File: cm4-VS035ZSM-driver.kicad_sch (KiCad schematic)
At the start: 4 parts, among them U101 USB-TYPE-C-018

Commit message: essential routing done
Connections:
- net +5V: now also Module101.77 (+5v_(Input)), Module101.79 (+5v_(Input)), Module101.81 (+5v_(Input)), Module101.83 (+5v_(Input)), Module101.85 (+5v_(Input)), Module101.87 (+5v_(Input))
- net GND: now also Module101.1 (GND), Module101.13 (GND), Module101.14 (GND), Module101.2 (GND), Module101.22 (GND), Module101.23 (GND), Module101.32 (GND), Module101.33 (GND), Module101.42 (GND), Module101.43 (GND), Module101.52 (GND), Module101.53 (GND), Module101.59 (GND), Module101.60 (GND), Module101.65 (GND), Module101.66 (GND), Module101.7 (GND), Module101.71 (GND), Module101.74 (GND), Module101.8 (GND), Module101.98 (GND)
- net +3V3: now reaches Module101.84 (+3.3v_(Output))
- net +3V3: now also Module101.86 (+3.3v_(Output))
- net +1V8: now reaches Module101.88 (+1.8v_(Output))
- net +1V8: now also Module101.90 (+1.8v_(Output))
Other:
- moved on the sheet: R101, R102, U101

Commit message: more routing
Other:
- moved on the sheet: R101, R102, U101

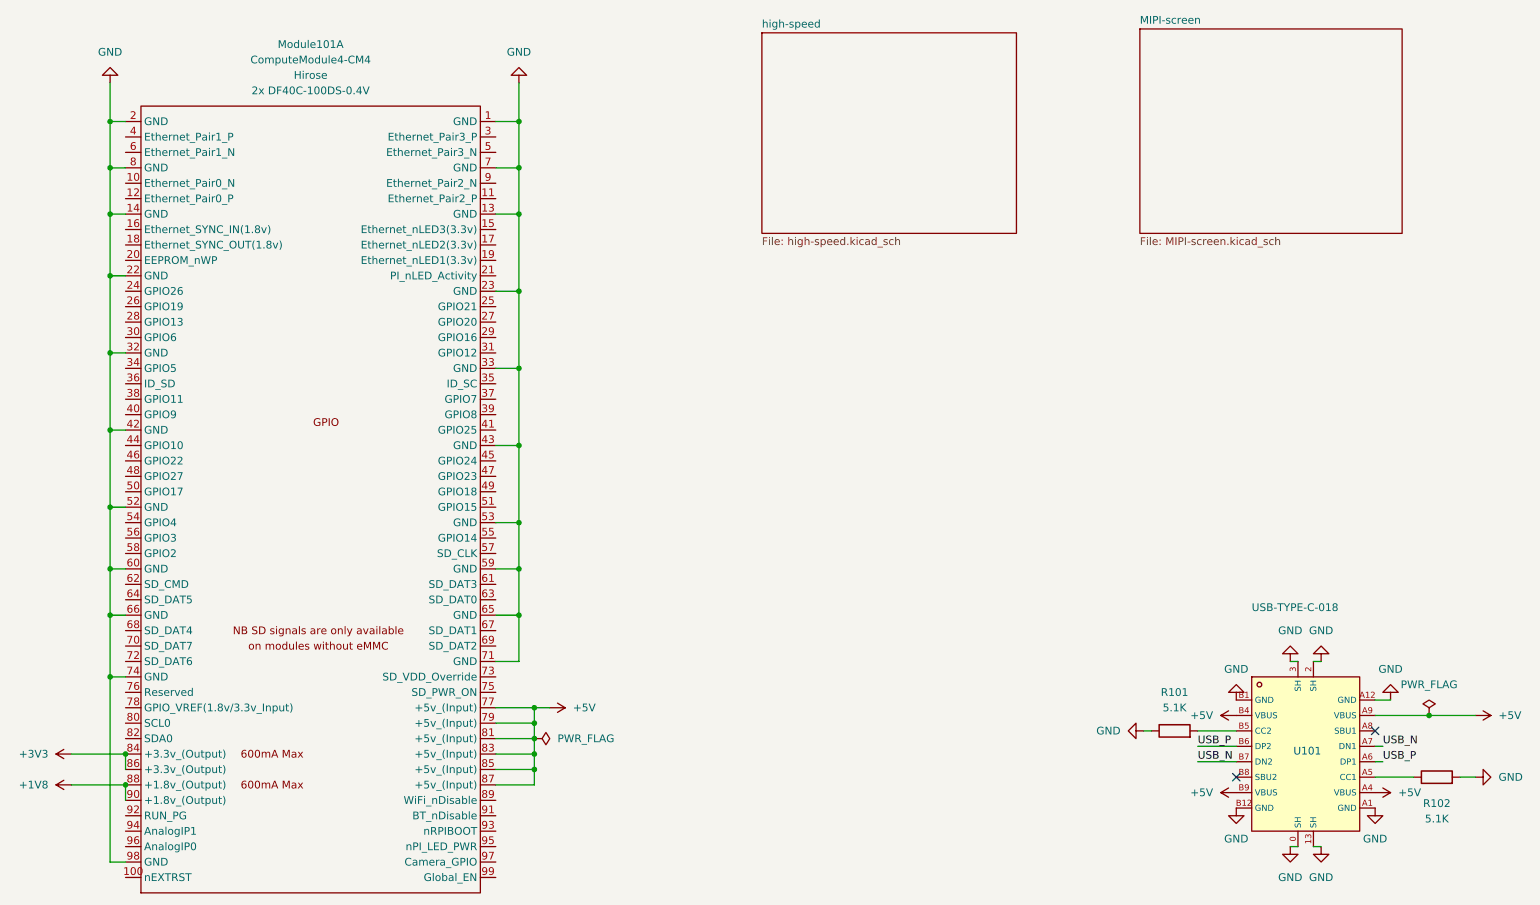
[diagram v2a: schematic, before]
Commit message: 1v8 buck and 4.7uh inductor
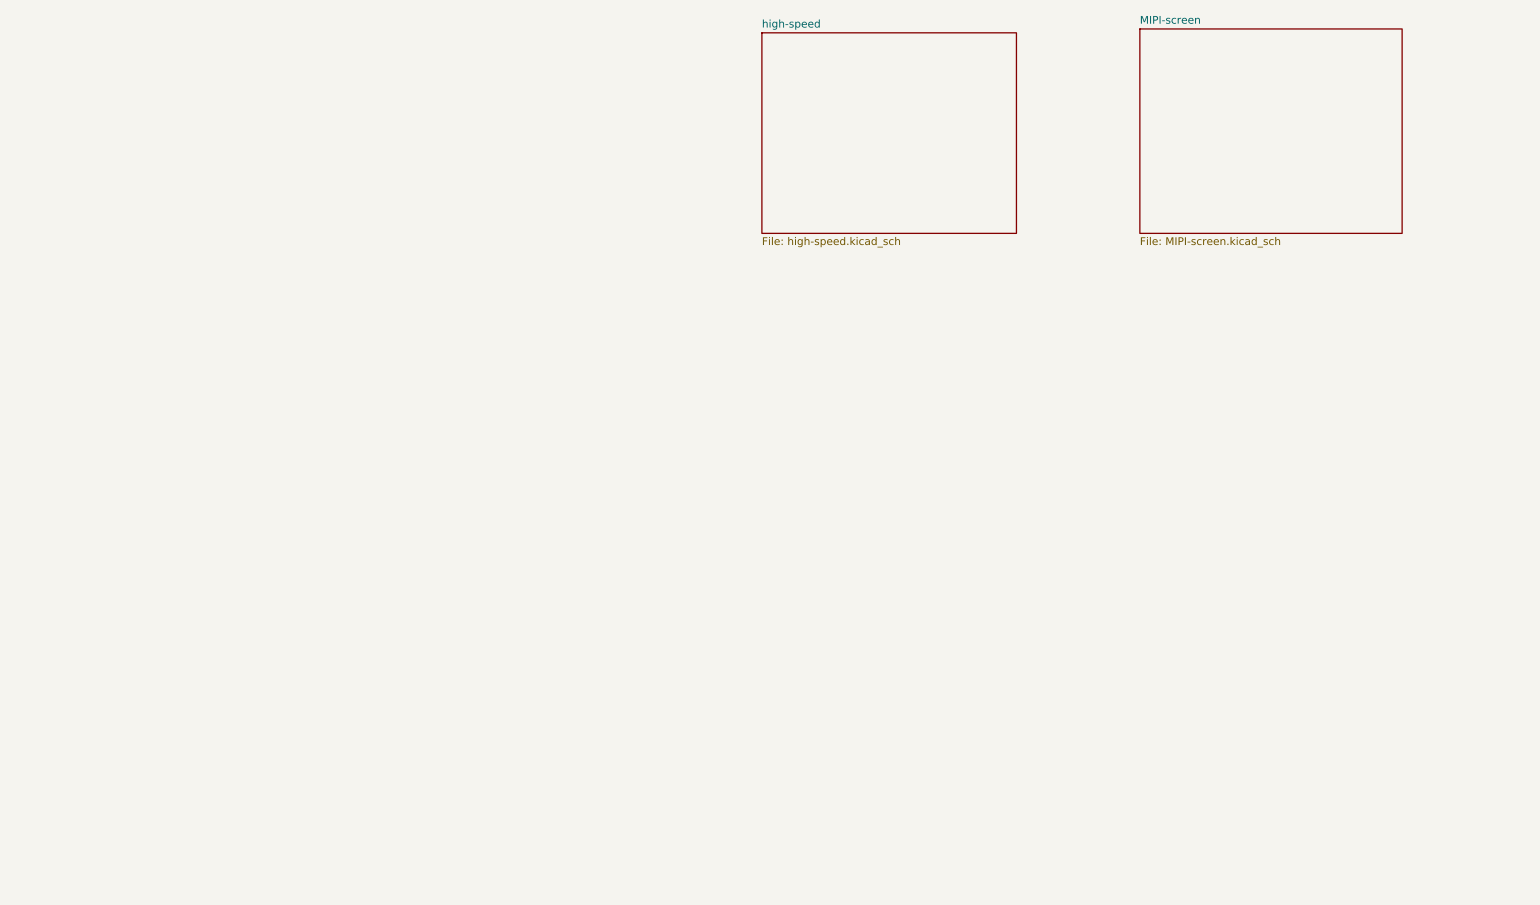
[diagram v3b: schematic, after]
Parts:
- removed Module101: ComputeModule4-CM4, CM4IO:Raspberry-Pi-4-Compute-Module, symbol CM4IO:ComputeModule4-CM4
- removed R101, R102: 5.1K, Resistor_SMD:R_0402_1005Metric, symbol Device:R
- removed U101: USB-TYPE-C-018, footprint:USB-C_SMD-TYPE-C-31-M-12, symbol USB-TYPE-C-018:USB-TYPE-C-018
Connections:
- no-connect marks 2 -> 0

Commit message: init layout
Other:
- added sheet References (references.kicad_sch)
- sheet MIPI-screen ports: added {LED_PWR}; removed none
- sheet high-speed ports: added {LED_PWR}; removed none
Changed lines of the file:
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@@
 	(generator_version "9.0")
 	(paper "A4")
+	(bus
+		(pts
+			(xy 210.82 35.56) (xy 214.63 35.56)
+		)
+		(stroke
+			(width 0)
+			(type default)
+		)
+	)
 	(sheet
-		(at 151.765 22.225)
-		(size 41.91 33.02)
+		(at 168.91 21.59)
+		(size 41.91 20.574)
 		(exclude_from_sim no)
 		(in_bom yes)
@@
 		)
 		(property "Sheetname" "high-speed"
-			(at 151.765 21.5134 0)
+			(at 168.91 20.8784 0)
 			(effects
 				(font
@@
 		)
 		(property "Sheetfile" "high-speed.kicad_sch"
-			(at 151.765 55.8296 0)
+			(at 168.91 42.7486 0)
 			(effects
 				(font
@@
 				)
 				(justify left top)
+			)
+		)
+		(pin "{LED_PWR}" input
+			(at 210.82 35.56 0)
+			(effects
+				(font
+					(size 1.27 1.27)
+				)
+				(justify right)
 			)
 		)
@@
 	)
 	(sheet
-		(at 213.995 21.59)
-		(size 43.18 33.655)
+		(at 213.36 62.23)
+		(size 44.45 38.1)
+		(exclude_from_sim no)
+		(in_bom yes)
+		(on_board yes)
+		(dnp no)
+		(fields_autoplaced yes)
+		(stroke
+			(width 0.1524)
+			(type solid)
+		)
+		(fill
+			(color 0 0 0 0.0000)
+		)
+		(property "Sheetname" "References"
+			(at 213.36 61.5184 0)
+			(effects
+				(font
+					(size 1.27 1.27)
+				)
+				(justify left bottom)
+			)
+		)
+		(property "Sheetfile" "references.kicad_sch"
+			(at 213.36 100.9146 0)
+			(effects
+				(font
+					(size 1.27 1.27)
+				)
+				(justify left top)
+			)
+		)
+		(instances
+			(project "cm4-VS035ZSM-driver"
+				(path "/9e206693-3fee-4fd4-91e0-40fbbe689518"
+					(page "4")
+				)
+			)
+		)
+	)
+	(sheet
+		(at 214.503 21.971)
+		(size 26.543 20.193)
 		(exclude_from_sim no)
 		(in_bom yes)
@@
 		)
 		(property "Sheetname" "MIPI-screen"
-			(at 213.995 20.8784 0)
+			(at 214.503 21.2594 0)
 			(effects
 				(font
@@
 		)
 		(property "Sheetfile" "MIPI-screen.kicad_sch"
-			(at 213.995 55.8296 0)
+			(at 214.503 42.7486 0)
 			(effects
 				(font
@@
 			)
 		)
+		(pin "{LED_PWR}" input
+			(at 214.503 35.56 180)
+			(effects
+				(font
+					(size 1.27 1.27)
+				)
+				(justify left)
+			)
+		)

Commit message: ok imma try kicad 10
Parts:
- added C212, C214, C220, C221, C222, C223: 4.7uF/16V, Capacitor_SMD:C_0603_1608Metric, symbol Device:C
- added C213, C215: 2.2uF/50V, Capacitor_SMD:C_0805_2012Metric, symbol Device:C
- added C216: 10uF/25V, Capacitor_SMD:C_0603_1608Metric, symbol Device:C
- added D403: B5817WS_C7420329, footprints:SOD-323_L1.7-W1.3-LS2.5-FD, symbol B5817WS_C7420329:B5817WS_C7420329
- added H1, H2, H3: MountingHole_Pad, MountingHole:MountingHole_3.2mm_M3_DIN965_Pad_TopBottom, symbol Mechanical:MountingHole_Pad
- added J1: Conn_01x22, footprints:CON22_1X22_DRB_XF2C_TYC, symbol XF2M-2215-1A:XF2M-2215-1A
- added J3: 245863050104829+, footprints:245863050104829_missing pads, symbol 245863050104829+:245863050104829+_missing_gnd
- added L204, L206, L207: 4.7uH, footprints:IND-SMD_L2.5-W2.0_SPH252012, symbol Device:L
- added R206: 5.1Ω/1%, Resistor_SMD:R_0805_2012Metric, symbol Device:R
- added R209: 100KΩ/1%, Resistor_SMD:R_0402_1005Metric, symbol Device:R
- added R3: 2.2kΩ, Resistor_SMD:R_0402_1005Metric, symbol Device:R
- added R4: 2.7kΩ, Resistor_SMD:R_0603_1608Metric, symbol Device:R
- added TP201: Test-1V8, TestPoint:TestPoint_THTPad_D2.0mm_Drill1.0mm, symbol Connector:TestPoint
- added U1: PZ254-2-08-WS, footprints:HDR-SMD_16P-P2.54-H-M-R2-C8-W12.0-N, symbol PZ254-2-08-WS:PZ254-2-08-WS
- added U2, U3: KF1027B-04P-G00-DFT-01B, footprints:SW-SMD_KF1027B-04P-G00-DFT-01B, symbol KF1027B-04P-G00-DFT-01B:KF1027B-04P-G00-DFT-01B
- added U202: TPS65132WRVCR_C2876379, footprints:WQFN-20_L4.0-W3.0-P0.50-BL-EP, symbol TPS65132WRVCR_C2876379:TPS65132WRVCR_C2876379
- added U203: LP3320B6F, footprints:SOT-23-6_L2.9-W1.6-P0.95-LS2.8-BL, symbol LP3320B6F:LP3320B6F
- added U204: MCP1603T-180I/OS, footprints:TSOT5_MC_MCH, symbol MCP1603T_180I_OS:MCP1603T-180I_OS
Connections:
- new net: L206.1, U204.5 (LX)
- new net: C222.1, U202.14 (REG), U202.18 (REG)
- new net: C213.1, U202.10 (CFLY2)
- new net: C213.2, U202.13 (CFLY1)
- new net: D403.1 (A), L204.2, U203.1 (LX)
- new net +1V8: J3.2, J3.4, J3.8, U3.4 (A4)
- new net +3V3: J1.22 (Pin_22), U1.10, U2.5 (B4), U2.6 (B3), U2.7 (B2), U2.8 (B1)
- new net +5V7: J3.3, U3.3 (A3)
- new net +5V7_EN: U1.6, U2.3 (A3), U202.5 (ENP)
- new net +5V7_OUT: C221.1, U202.15 (OUTP), U202.16 (OUTP), U3.6 (B3)
- new net +5V_IN: C214.2, C216.2, C223.1, L204.1, L207.1, U1.12, U202.4 (VIN), U203.6 (VIN), U204.1 (VIN)
- new net -5V7: J3.7, U3.2 (A2)
- new net -5V7_EN: U1.4, U2.2 (A2), U202.6 (ENN)
- new net -5V7_OUT: C220.1, U202.9 (OUTN), U3.7 (B2)
- new net 1V8_EN: U1.8, U2.4 (A4), U204.3 (*SHDN)
- new net 1V8_OUT: C212.1, L206.2, TP201.1, U204.4 (VFB/VOUT), U3.5 (B4)
- new net BL_DRV_EN: U1.2, U2.1 (A1)
- new net DSI0_CLK.N: J1.8 (Pin_8), J3.18
- new net DSI0_CLK.P: J1.9 (Pin_9), J3.20
- new net DSI0_DATA.0_N: J1.2 (Pin_2), J3.11
- new net DSI0_DATA.0_P: J1.3 (Pin_3), J3.13
- new net DSI0_DATA.1_N: J1.5 (Pin_5), J3.17
- new net DSI0_DATA.1_P: J1.6 (Pin_6), J3.19
- new net DSI0_DATA.2_N: J1.12 (Pin_12), J3.24
- new net DSI0_DATA.2_P: J1.11 (Pin_11), J3.26
- new net DSI0_DATA.3_N: J1.15 (Pin_15), J3.12
- new net DSI0_DATA.3_P: J1.14 (Pin_14), J3.14
- new net GND: C212.2, C214.1, C215.2, C216.1, C220.2, C221.2, C222.2, C223.2, H1.1, H2.1, H3.1, J1.1 (Pin_1), J1.10 (Pin_10), J1.13 (Pin_13), J1.16 (Pin_16), J1.19 (Pin_19), J1.23 (Pin_23_case), J1.24 (Pin_24_case), J1.4 (Pin_4), J1.7 (Pin_7), J3.1, J3.10, J3.15, J3.16, J3.21, J3.22, J3.27, J3.28, J3.33, J3.34, J3.39, J3.40, J3.43, J3.46, J3.49, J3.5, J3.50, J3.6, J3.9, J3.MP1, J3.MP2, J3.MP3, J3.MP4, J3.MP5, J3.MP6, R206.2, R209.2, R4.2, U202.1 (PGND), U202.11 (PGND), U202.12 (PGND), U202.17 (AGND), U202.2 (PGND), U202.21 (EP), U202.3 (AGND), U203.2 (GND), U204.2 (GND)
- new net LCD_CONNECTOR_PWM: J3.48, U1.5
- new net LCD_RESET_1V8: J3.42, R3.2, R4.1, U1.1
- new net LCD_RESET_3V3: J1.17 (Pin_17), R3.1, U1.3
- new net LED_PWM: J1.18 (Pin_18), R209.1, U1.9, U203.4 (EN)
- new net LED_PWR.A_IN: J3.41, U3.1 (A1)
- new net LED_PWR.A_OUT: C215.1, D403.2 (K), U1.14, U3.8 (B1)
- new net LED_PWR.K: J3.45, J3.47, R206.1, U1.16, U203.3 (FB)
- new net SCL_3V3: J1.20 (Pin_20), U1.13, U202.8 (SCL)
- new net SDA_3V3: J1.21 (Pin_21), U1.15, U202.7 (SDA)
- new net SW: L207.2, U202.19 (SW), U202.20 (SW)
- new net TE: J3.44, U1.11
- no-connect marks 0 -> 11
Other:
- removed sheet MIPI-screen
- removed sheet References
- removed sheet high-speed
- note added: "1V8 Buck"
- note added: "Broken out for testing"
- note added: "Display Mezzanine"
- note added: "Interfacing"
- note added: "LCD Bias"
- note added: "LED driver"
- note added: "LED goes between here FB is used to sense drop in voltage"
- note added: "Need 5V input, all the chips does accept 5v in"
- note added: "PWM controlled"
- note added: "Pi ribbon cable"
- note added: "Positive 5.7V and negative 5.7V"
- note added: "input"
- note added: "manual enable for power"
- note added: "manual voltage rail control (off by default)"
- note added: "output"

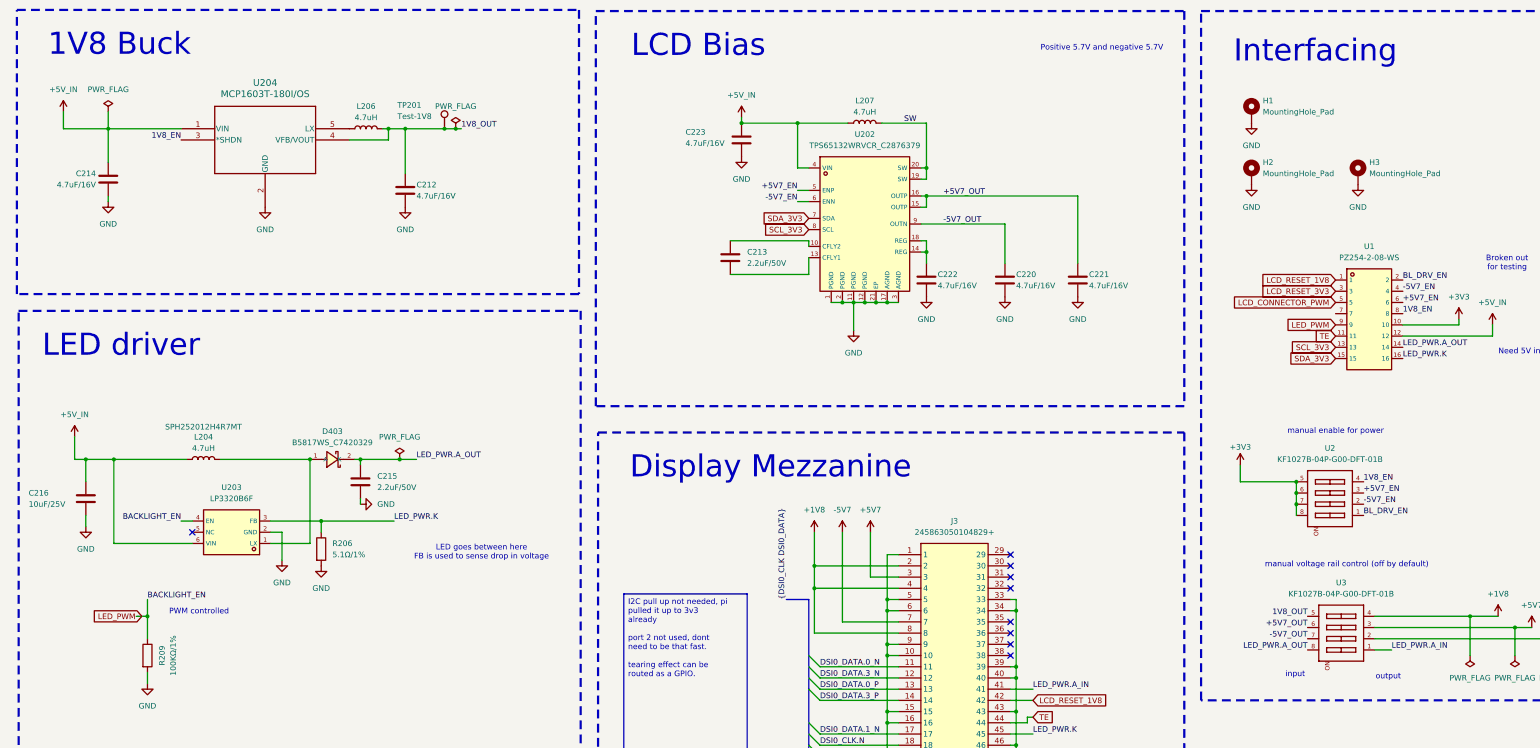
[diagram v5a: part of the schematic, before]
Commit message: finalized board before rounding corners
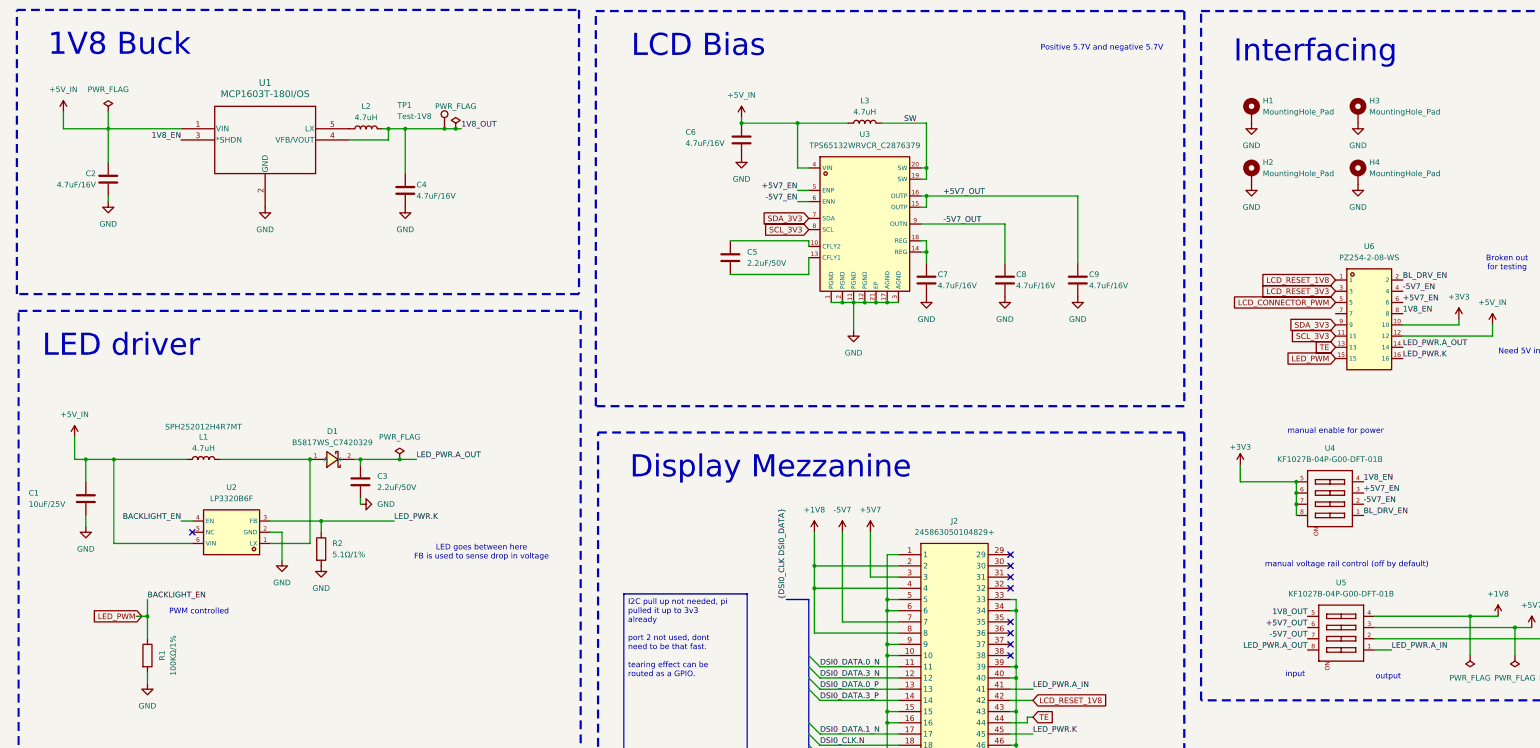
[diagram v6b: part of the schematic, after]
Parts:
- added H3: MountingHole_Pad, MountingHole:MountingHole_3.2mm_M3_DIN965_Pad_TopBottom, symbol Mechanical:MountingHole_Pad
- renumbered C216 to C1, C214 to C2, C215 to C3, C212 to C4, C213 to C5, C223 to C6, C222 to C7, C220 to C8, C221 to C9, D403 to D1, H3 to H4, J3 to J2, L204 to L1, L206 to L2, L207 to L3, R209 to R1, R206 to R2, TP201 to TP1, U204 to U1, U203 to U2, U202 to U3, U2 to U4, U3 to U5, U1 to U6
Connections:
- net GND: now also H3.1
- net LED_PWM: now also U6.15; no longer U6.9
- net SCL_3V3: now also U6.11; no longer U6.13
- net SDA_3V3: now also U6.9; no longer U6.15
- net TE: now also U6.13; no longer U6.11

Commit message: done with v2
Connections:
- no-connect marks 11 -> 12
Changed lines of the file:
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@@
+	)
+	(no_connect
+		(at 313.69 83.82)
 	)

Exercise directions
Retype exactly the lines above, from the one with "- new net: C222.1, U202.14" through the one with "- new net DSI0_DATA.0_P: J1.3 (Pin_3), J3.13", inclusive.

Result of the task
- new net: C222.1, U202.14 (REG), U202.18 (REG)
- new net: C213.1, U202.10 (CFLY2)
- new net: C213.2, U202.13 (CFLY1)
- new net: D403.1 (A), L204.2, U203.1 (LX)
- new net +1V8: J3.2, J3.4, J3.8, U3.4 (A4)
- new net +3V3: J1.22 (Pin_22), U1.10, U2.5 (B4), U2.6 (B3), U2.7 (B2), U2.8 (B1)
- new net +5V7: J3.3, U3.3 (A3)
- new net +5V7_EN: U1.6, U2.3 (A3), U202.5 (ENP)
- new net +5V7_OUT: C221.1, U202.15 (OUTP), U202.16 (OUTP), U3.6 (B3)
- new net +5V_IN: C214.2, C216.2, C223.1, L204.1, L207.1, U1.12, U202.4 (VIN), U203.6 (VIN), U204.1 (VIN)
- new net -5V7: J3.7, U3.2 (A2)
- new net -5V7_EN: U1.4, U2.2 (A2), U202.6 (ENN)
- new net -5V7_OUT: C220.1, U202.9 (OUTN), U3.7 (B2)
- new net 1V8_EN: U1.8, U2.4 (A4), U204.3 (*SHDN)
- new net 1V8_OUT: C212.1, L206.2, TP201.1, U204.4 (VFB/VOUT), U3.5 (B4)
- new net BL_DRV_EN: U1.2, U2.1 (A1)
- new net DSI0_CLK.N: J1.8 (Pin_8), J3.18
- new net DSI0_CLK.P: J1.9 (Pin_9), J3.20
- new net DSI0_DATA.0_N: J1.2 (Pin_2), J3.11
- new net DSI0_DATA.0_P: J1.3 (Pin_3), J3.13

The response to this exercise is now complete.